EXERCISE GOAL: Go through the lines below and tally each one holding "both". Write only the total.

(Dataset entries)
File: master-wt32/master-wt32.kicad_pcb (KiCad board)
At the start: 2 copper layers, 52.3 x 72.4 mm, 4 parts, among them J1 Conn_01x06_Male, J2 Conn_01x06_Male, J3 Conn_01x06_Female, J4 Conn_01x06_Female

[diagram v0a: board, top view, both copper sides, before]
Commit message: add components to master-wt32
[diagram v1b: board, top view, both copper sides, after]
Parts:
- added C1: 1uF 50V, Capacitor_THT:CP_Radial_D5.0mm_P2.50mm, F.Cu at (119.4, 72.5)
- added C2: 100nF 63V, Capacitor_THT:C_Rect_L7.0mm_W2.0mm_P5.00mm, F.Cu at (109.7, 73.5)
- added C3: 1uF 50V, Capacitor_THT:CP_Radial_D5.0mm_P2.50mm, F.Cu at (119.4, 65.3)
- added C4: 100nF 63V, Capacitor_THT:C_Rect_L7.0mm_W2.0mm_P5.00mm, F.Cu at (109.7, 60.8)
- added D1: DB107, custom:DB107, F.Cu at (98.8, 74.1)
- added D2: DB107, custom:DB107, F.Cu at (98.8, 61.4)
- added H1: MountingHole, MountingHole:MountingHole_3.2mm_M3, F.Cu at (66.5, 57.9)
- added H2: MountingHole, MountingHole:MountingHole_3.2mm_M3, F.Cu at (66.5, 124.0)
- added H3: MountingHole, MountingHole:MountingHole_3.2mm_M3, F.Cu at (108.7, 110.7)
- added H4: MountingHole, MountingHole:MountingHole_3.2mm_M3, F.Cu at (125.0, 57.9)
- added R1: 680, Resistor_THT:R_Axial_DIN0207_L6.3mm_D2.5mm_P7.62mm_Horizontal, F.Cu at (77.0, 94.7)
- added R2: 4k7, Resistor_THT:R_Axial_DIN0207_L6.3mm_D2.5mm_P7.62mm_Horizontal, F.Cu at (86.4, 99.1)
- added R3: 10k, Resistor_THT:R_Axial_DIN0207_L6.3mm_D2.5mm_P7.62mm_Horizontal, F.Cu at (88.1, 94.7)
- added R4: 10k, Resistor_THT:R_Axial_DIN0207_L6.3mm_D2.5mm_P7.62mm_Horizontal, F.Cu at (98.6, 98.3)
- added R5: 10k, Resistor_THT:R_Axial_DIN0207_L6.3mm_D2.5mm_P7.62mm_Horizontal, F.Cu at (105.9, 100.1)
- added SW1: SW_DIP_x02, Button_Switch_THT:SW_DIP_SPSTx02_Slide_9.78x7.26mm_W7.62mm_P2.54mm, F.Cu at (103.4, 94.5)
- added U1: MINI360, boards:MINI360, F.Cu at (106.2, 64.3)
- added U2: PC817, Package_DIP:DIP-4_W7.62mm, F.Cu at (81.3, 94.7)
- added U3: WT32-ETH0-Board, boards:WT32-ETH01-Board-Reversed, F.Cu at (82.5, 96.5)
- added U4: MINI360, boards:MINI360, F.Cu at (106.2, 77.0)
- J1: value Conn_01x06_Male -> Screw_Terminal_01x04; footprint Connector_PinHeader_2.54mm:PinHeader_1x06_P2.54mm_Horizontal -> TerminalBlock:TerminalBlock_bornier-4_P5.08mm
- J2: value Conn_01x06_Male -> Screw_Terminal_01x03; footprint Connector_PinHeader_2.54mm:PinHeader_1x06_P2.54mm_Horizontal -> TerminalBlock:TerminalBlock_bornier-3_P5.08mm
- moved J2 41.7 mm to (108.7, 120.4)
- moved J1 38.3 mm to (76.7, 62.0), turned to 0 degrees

SOLUTION BELOW: 2